Determine how many lines in the entries below contain "simulink", and output only that number.

======

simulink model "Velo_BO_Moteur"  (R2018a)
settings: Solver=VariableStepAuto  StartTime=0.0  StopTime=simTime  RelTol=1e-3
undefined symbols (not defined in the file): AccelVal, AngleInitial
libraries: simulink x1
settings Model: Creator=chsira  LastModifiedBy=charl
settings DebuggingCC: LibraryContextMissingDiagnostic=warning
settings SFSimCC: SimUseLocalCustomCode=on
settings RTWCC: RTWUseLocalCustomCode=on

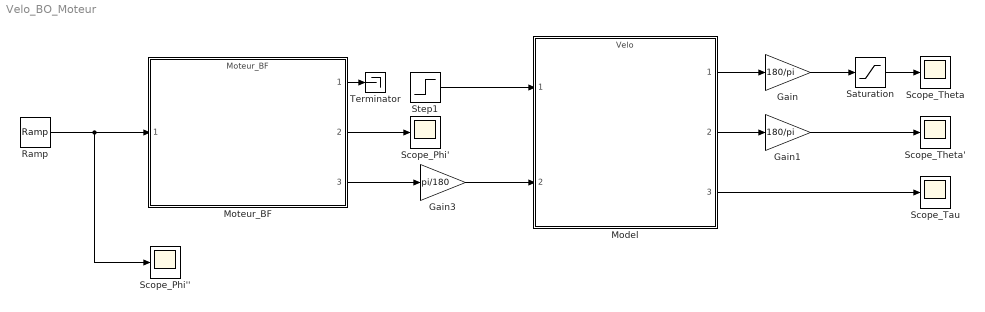
== system Velo_BO_Moteur ==
  Gain : Gain  Gain=180/pi
  Gain1 : Gain  Gain=180/pi
  Gain3 : Gain  Gain=pi/180
  Model : ModelReference  ModelNameDialog=Velo.slx  ParameterArgumentNames=InitialCondition  ParameterArgumentValues=InitialCondition  UsingDefaultArgumentValue=0  SimulationMode=Normal  ModelReferenceVersion=1.73  InitialCondition=AngleInitial*pi/180  SimulationMode=Normal
  "Moteur_BF " : ModelReference  ModelNameDialog=Moteur_BF  SimulationMode=Normal  ModelReferenceVersion=1.78
  Ramp : simulink/Sources/Ramp  slope=AccelVal  start=0  InitialOutput=0
  Saturation : Saturate  UpperLimit=20  LowerLimit=-20
  "Scope_Phi' " : Scope
  Scope_Phi'' : Scope
  Scope_Tau : Scope
  Scope_Theta : Scope
  Scope_Theta' : Scope
  Step1 : Step  Time=0  After=0  SampleTime=0
  Terminator : Terminator
  wires:
  Model/3 -> Scope_Tau/1
  Model/2 -> Gain1/1
  Model/1 -> Gain/1
  Gain1/1 -> Scope_Theta'/1
  Gain/1 -> Saturation/1
  Saturation/1 -> Scope_Theta/1
  Step1/1 -> Model/1
  Gain3/1 -> Model/2
  "Moteur_BF "/3 -> Gain3/1
  Ramp/1 -> Scope_Phi''/1, "Moteur_BF "/1
  "Moteur_BF "/2 -> "Scope_Phi' "/1
  "Moteur_BF "/1 -> Terminator/1

======

RESPONSE TO THE EXERCISE >>
3